Espressif Systems EchoEar ESP32-S3 have a rechargable battery and a dock as well as a round display are unique features among those existing ready-made ESPHome projects on that page:

It is missing an dedicated MCU for advanced DSP so would not make a perfect Home Assistant Voice Satellite hardware but good enough as a development kit and for use in kids rooms.

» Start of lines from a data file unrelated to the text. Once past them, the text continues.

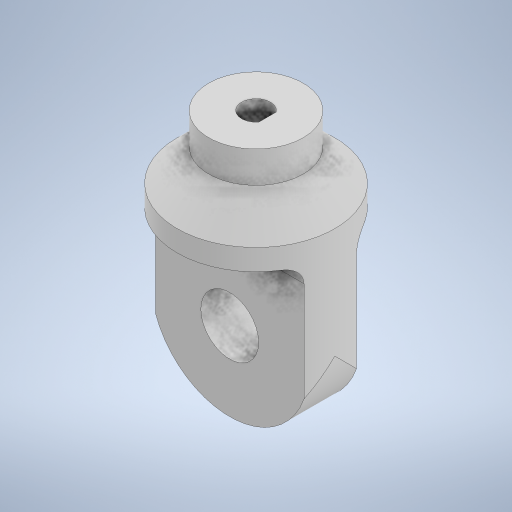
# Autodesk Inventor part: 회전대
Saved by Autodesk Inventor 2023 (Build 270158000, 158)
## iProperties
Created: 2022-11-11
Part Number: 회전대
Material: 일반
Document SubType Name: Modeling
Designer: hyunsu
Density: 1 g/cm^3
Appearance: 기본값
Author: hyunsu
Autodesk Inventor part; units mm, degrees
ref_plane "YZ Plane" through (0, 0, 0) normal (1, 0, 0) x (0, 1, 0)
ref_plane "XZ Plane" through (0, 0, 0) normal (0, 1, 0) x (-1, 0, 0)
ref_plane "XY Plane" through (0, 0, 0) normal (0, 0, 1) x (1, 0, 0)
sketch "스케치1" plane through (0, 0, 0) normal (0, 1, 0) x (-1, 0, 0)
  circle A0 centre (0, 0) radius 15
  dimension "d0" = 30
  constraints: 1 centre point, 1 coincident
  measures "d0" diameter of A0
extrude "돌출1" add sketch "스케치1" against normal blind 10
sketch "스케치2" plane through (0, -10, 0) normal (0, -1, 0) x (1, 0, 0)
  circle A0 centre (0, 0) radius 15 projected
  circle A1 centre (0, 0) radius 15 projected
  line L0 (-14.1421, 5) -> (14.1421, 5)
  line L1 (0, 0) -> (4.8665, 0)
  line L2 (-14.1421, -5) -> (14.1421, -5)
  dimension "d3" = 10
  constraints: 6 end point, 2 horizontal, 2 point on circle, 2 symmetric about line
  measures "d3" distance between parallel lines of L0 L2
extrude "돌출2" add sketch "스케치2" along normal blind 32 contours A0 L2 L0
sketch "스케치3" plane through (-14.1421, -10, 5) normal (0, 0, 1) x (1, 0, 0)
  circle A0 centre (14.1421, -17) radius 15
  line L0 (28.2843, -32) -> (0, -32) projected
  line L1 (-0.8579, -2) -> (29.1421, -2)
  line L2 (29.1421, -2) -> (29.1421, -32)
  line L3 (29.1421, -32) -> (-0.8579, -32)
  line L4 (-0.8579, -32) -> (-0.8579, -2)
  line L5 (-0.8579, -2) -> (29.1421, -32) construction
  line L6 (29.1421, -2) -> (-0.8579, -32) construction
  line L7 (28.2843, -32) -> (29.1421, -32) projected
  point P0 (14.1421, 10)
  point P1 (14.1421, -32)
  point P2 (-0.8579, -17)
  point P3 (14.1421, -32)
  point P4 (29.1421, -17)
  dimension "d6" = 30
  constraints: 12 end point, 3 midpoint, 2 parallel, 2 tangent, 1 centre point, 1 horizontal, 1 perpendicular, 1 point on line, 1 vertical alignment
  measures "d6" diameter of A0
extrude "돌출3" cut sketch "스케치3" against normal blind 32 contours L2 L3 L0 A0 | L0 L3 L4 A0
chamfer "모따기1" distance 6 angle 45 1 edges at (15, 0, 0) measured on face at (14.5, 0, 0)
fillet "모깎기1" radius 3 2 edges at (0, -10, -5) (0, -10, 5)
sketch "스케치4" plane through (0, 0, 0) normal (1, 0, 0) x (0, 1, 0)
  line L0 (-41.9354, -5) -> (-11.9354, -5)
  line L1 (-13, -5) -> (-32, -5) projected
  line L2 (-42, -5) -> (-32, -5) projected
  circle A0 centre (-37.9354, -5) radius 1.15
  point P0 (0, 0)
  point P1 (-26.9354, -5)
  point P2 (-36.7854, -5)
  point P3 (-39.0854, -5)
  dimension "d15" = 30
  dimension "d16" = 2.3
  dimension "d17" = 11
  constraints: 2 end point, 1 centre point, 1 collinear, 1 midpoint, 1 point on line
  measures "d15" distance of L0.start L0.end
  measures "d16" diameter of A0
  measures "d17" distance of point (-26.935, -5) A0.centre
revolve "회전1" cut sketch "스케치4" angle 360 about axis through (0, -41.9354, -5) along (0, 1, 0) picked at (-37.8892, -4.6195) contours A0 L0
sketch "스케치5" plane through (0, -27, -5) normal (0, 0, -1) x (-1, 0, 0)
  circle A0 centre (0, 0) radius 5.5
  arc A1 (-14.1421, -5) -> (14.1421, -5) centre (0, 0) ccw projected
  point P0 (0, 27)
  dimension "d19" = 11
  constraints: 1 centre point, 1 coincident
  measures "d19" diameter of A0
extrude "돌출4" cut sketch "스케치5" against normal blind 32
pattern_circular "원형 패턴1" count 20 over 360 about axis through (0, -27, -5) along (0, 0, 1) of "회전1"
sketch "스케치6" plane through (0, 0, 0) normal (0, 1, 0) x (1, 0, 0)
  circle A0 centre (0, 0) radius 9 projected
extrude "돌출5" add sketch "스케치6" along normal blind 6
sketch "스케치7" plane through (0, 6, 0) normal (0, 1, 0) x (1, 0, 0)
  circle A0 centre (0, 0) radius 2.75
  line L0 (2.2, 1.65) -> (2.2, -1.65)
  dimension "d27" = 5.5
  dimension "d28" = 2.2
  constraints: 2 end point, 2 point on circle, 1 centre point, 1 coincident, 1 vertical
  measures "d27" diameter of A0
  measures "d28" distance from line of point (0, 0) L0
extrude "돌출6" cut sketch "스케치7" against normal blind 20 contours L0 A0 picked at (-0.2276, -0.7952)

Might the era of open-source voice assistants (as in plural) finally be here?

Based on its specification it looks to basically be a development kit built around Espressif’s ESP32-S3-WROOM-1 Wi-Fi 4 and Bluetooth 5 module, however the enclosure design make it seem ready for retail?

Espressif’s EchoEar key features are:

  • ESP32-S3.
  • 2 microphones in an array (Dual LMA3729T381-OY3S microphone array).
  • Built-in 3W mini speaker.
    • NS4150B 3W Class-D amplifier
    • ES7210 audio ADC (4-ch)
    • ES8311 audio codec (ADC + DAC)
  • 1.85-inch circular touch display (ST77916 driver).
  • Bosch BMI270 6-axis IMU Sensor
  • microSD card slot for data storage
  • USB Type-C port for programming, power, and log printing
  • 3.7 V Li-ion battery (connector)
    • BQ27220 battery management chip
    • TP4057 Li-ion charging IC (250 mA charging current)
    • TlV62569 / SY8088AAC buck converters (5 V → 3.3 V)
    • SAM8108 power control chip (power on/off management)
  • magnetic connector for popopins (serial + 5 V) to use UART pass-through docking
    • Internal I2C header

The Espressif EchoEar hardware can be purchased from AliExpress for $40 and on Amazon for $55.00.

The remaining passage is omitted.